Work task.
Of all the lines below, return only those starting with the line holding "#8=PRODUCT_DEFINITION('design','',#6,#7);" and going on through the line holding "#18=AXIS2_PLACEMENT_3D('',#15,#16,#17);", exactly as written.

Stored dataset items.
++++++
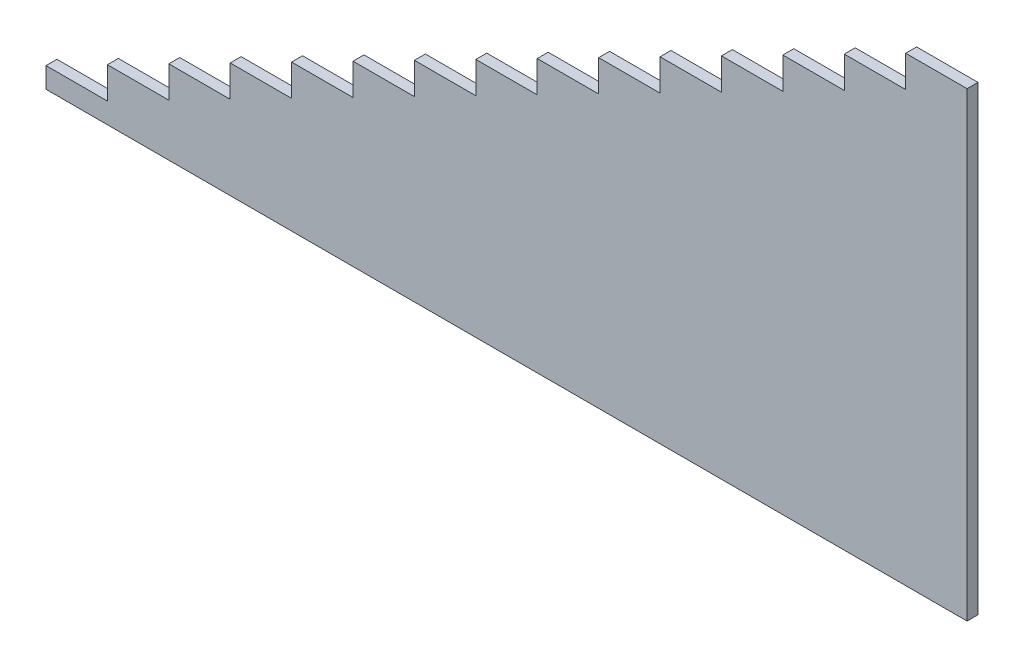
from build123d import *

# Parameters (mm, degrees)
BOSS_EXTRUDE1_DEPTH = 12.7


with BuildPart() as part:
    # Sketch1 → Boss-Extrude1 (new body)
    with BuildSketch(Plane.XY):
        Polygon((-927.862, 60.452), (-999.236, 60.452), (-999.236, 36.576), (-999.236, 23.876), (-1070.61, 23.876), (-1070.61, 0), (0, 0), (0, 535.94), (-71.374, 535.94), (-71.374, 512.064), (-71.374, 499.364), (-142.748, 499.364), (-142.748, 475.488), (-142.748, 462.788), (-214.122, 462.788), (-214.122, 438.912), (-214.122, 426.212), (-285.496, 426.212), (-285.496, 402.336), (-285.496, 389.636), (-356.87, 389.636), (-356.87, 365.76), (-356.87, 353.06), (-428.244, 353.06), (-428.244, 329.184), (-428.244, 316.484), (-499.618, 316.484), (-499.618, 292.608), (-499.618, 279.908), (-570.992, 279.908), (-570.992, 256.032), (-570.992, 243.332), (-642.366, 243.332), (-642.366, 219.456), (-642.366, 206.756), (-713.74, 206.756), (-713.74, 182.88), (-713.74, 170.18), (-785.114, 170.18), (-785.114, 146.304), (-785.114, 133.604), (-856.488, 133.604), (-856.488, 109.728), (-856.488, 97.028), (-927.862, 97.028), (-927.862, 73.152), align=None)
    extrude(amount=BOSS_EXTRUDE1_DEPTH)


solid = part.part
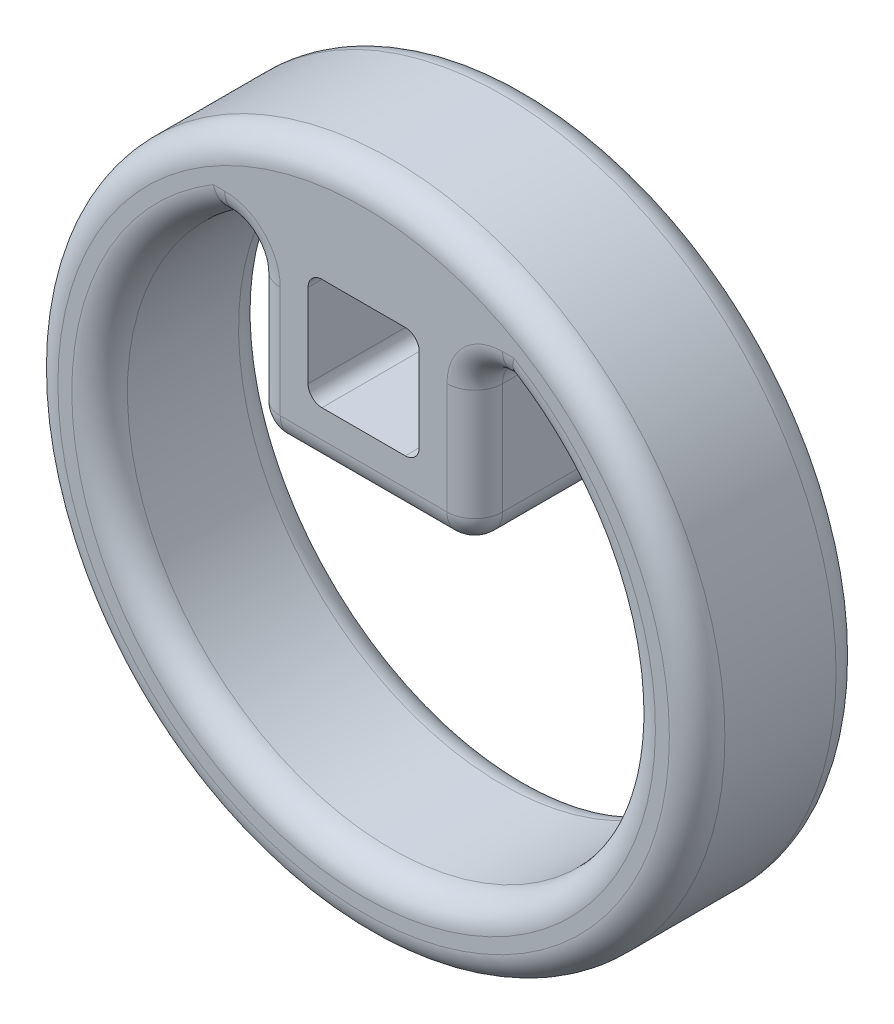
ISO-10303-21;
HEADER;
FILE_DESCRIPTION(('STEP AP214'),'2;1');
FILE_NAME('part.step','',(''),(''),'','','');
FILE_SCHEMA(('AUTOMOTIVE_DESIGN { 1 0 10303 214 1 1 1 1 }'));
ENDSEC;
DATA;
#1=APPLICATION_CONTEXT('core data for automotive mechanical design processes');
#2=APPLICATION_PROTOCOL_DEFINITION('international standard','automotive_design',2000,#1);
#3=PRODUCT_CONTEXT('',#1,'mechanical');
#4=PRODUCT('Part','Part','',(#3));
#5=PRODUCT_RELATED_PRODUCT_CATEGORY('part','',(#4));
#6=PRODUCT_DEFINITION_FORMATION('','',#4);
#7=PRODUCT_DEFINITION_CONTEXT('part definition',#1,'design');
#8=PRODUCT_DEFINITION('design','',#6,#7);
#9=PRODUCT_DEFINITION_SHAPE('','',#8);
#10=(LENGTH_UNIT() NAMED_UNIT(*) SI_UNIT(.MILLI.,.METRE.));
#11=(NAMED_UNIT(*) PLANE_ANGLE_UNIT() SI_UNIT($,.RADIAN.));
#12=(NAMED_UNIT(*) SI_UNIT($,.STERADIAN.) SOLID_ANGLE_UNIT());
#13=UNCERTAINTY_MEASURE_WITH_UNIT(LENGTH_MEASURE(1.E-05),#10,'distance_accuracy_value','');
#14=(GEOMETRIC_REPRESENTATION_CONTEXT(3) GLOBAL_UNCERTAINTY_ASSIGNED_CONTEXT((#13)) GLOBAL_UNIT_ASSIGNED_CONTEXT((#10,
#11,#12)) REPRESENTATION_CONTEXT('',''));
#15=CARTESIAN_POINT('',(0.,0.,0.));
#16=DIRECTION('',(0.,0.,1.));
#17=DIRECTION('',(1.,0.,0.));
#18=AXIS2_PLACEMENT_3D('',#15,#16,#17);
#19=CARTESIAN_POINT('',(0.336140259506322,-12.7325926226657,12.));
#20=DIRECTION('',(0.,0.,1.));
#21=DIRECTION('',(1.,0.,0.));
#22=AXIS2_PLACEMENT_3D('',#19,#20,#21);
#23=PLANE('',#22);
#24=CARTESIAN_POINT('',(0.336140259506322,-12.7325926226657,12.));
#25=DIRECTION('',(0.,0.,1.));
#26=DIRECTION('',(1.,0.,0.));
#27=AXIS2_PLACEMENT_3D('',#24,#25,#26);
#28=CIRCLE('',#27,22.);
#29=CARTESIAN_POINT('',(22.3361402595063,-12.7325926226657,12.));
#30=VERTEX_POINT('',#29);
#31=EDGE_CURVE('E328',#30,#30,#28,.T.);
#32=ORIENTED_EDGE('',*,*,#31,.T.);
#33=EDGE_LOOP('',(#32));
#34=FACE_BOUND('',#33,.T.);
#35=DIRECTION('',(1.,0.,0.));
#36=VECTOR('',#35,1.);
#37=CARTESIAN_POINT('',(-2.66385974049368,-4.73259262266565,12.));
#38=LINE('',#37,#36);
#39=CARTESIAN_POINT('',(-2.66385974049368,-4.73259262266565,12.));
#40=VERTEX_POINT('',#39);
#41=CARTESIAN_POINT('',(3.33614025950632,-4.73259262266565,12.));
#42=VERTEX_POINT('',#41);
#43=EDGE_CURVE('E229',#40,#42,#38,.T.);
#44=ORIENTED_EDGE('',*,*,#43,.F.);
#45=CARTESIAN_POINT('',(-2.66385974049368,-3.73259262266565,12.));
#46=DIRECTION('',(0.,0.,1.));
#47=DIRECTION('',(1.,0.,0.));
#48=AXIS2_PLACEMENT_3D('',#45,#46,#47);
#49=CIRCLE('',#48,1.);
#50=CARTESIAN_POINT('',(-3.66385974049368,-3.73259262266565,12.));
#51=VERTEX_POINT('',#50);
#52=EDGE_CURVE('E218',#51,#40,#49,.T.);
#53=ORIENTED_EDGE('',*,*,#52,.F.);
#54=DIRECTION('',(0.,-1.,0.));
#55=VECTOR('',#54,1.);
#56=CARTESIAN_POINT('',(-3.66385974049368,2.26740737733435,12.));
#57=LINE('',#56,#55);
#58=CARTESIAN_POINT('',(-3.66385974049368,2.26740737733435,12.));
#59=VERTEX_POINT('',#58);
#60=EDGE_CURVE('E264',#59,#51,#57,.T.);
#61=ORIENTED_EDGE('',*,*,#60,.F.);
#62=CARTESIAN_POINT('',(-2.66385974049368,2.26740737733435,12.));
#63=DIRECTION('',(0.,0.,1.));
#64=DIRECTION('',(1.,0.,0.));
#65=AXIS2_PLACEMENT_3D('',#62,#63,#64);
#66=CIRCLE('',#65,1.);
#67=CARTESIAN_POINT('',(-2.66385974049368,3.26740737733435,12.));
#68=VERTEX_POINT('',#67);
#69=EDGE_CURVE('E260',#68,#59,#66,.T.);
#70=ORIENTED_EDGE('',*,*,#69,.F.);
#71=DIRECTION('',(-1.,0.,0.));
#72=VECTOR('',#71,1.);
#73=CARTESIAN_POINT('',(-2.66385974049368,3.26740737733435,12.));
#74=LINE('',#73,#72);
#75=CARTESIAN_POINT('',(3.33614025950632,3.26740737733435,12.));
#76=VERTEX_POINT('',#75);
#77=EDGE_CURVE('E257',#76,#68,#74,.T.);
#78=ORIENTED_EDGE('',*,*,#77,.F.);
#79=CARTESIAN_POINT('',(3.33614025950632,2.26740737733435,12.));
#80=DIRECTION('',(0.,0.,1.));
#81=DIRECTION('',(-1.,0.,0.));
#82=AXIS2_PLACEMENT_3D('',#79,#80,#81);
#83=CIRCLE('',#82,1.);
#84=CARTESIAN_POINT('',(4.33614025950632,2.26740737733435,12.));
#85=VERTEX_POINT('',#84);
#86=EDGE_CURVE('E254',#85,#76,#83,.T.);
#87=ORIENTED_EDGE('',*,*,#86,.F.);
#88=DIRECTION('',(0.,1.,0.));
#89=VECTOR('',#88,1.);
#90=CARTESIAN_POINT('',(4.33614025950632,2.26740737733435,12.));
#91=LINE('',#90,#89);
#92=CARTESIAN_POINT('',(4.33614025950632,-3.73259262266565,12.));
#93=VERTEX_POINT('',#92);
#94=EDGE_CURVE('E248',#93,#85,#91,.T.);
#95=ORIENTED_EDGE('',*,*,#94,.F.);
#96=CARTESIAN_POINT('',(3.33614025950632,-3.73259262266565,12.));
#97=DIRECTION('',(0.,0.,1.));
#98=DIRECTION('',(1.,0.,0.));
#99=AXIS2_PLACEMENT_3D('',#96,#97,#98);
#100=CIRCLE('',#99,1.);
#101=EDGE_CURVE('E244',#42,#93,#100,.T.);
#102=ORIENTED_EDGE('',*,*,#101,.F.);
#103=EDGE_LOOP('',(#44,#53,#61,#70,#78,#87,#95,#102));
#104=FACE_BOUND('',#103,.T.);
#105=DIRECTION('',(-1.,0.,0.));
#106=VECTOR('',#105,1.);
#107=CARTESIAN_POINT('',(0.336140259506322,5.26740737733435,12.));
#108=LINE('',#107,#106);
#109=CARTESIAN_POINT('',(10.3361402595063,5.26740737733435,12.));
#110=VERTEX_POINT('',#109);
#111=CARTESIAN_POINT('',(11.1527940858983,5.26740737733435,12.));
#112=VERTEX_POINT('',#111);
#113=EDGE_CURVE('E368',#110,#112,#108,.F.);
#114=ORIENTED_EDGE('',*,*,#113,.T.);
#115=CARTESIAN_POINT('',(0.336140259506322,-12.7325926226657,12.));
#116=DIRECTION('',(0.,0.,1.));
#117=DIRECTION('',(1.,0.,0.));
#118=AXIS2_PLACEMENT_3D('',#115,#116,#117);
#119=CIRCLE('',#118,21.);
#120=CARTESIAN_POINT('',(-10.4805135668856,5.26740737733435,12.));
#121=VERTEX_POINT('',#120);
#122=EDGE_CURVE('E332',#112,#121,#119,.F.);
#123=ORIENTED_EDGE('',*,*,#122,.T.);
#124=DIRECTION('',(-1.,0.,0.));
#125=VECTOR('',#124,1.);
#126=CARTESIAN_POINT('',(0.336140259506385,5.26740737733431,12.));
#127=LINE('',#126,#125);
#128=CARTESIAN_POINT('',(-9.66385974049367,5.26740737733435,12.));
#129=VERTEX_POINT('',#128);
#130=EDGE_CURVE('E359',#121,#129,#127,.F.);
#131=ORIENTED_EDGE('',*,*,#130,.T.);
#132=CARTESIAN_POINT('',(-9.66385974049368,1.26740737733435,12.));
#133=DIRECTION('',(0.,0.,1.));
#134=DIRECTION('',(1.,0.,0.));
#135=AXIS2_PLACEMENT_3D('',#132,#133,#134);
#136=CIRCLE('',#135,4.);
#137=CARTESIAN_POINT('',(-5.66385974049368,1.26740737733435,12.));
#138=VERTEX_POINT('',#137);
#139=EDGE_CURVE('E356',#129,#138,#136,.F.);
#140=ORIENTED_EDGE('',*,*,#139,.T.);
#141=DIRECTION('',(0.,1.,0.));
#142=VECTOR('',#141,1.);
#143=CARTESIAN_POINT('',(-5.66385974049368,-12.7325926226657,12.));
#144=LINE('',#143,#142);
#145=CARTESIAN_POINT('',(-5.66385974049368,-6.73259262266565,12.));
++++++
Response below.
#8=PRODUCT_DEFINITION('design','',#6,#7);
#9=PRODUCT_DEFINITION_SHAPE('','',#8);
#10=(LENGTH_UNIT() NAMED_UNIT(*) SI_UNIT(.MILLI.,.METRE.));
#11=(NAMED_UNIT(*) PLANE_ANGLE_UNIT() SI_UNIT($,.RADIAN.));
#12=(NAMED_UNIT(*) SI_UNIT($,.STERADIAN.) SOLID_ANGLE_UNIT());
#13=UNCERTAINTY_MEASURE_WITH_UNIT(LENGTH_MEASURE(1.E-05),#10,'distance_accuracy_value','');
#14=(GEOMETRIC_REPRESENTATION_CONTEXT(3) GLOBAL_UNCERTAINTY_ASSIGNED_CONTEXT((#13)) GLOBAL_UNIT_ASSIGNED_CONTEXT((#10,
#11,#12)) REPRESENTATION_CONTEXT('',''));
#15=CARTESIAN_POINT('',(0.,0.,0.));
#16=DIRECTION('',(0.,0.,1.));
#17=DIRECTION('',(1.,0.,0.));
#18=AXIS2_PLACEMENT_3D('',#15,#16,#17);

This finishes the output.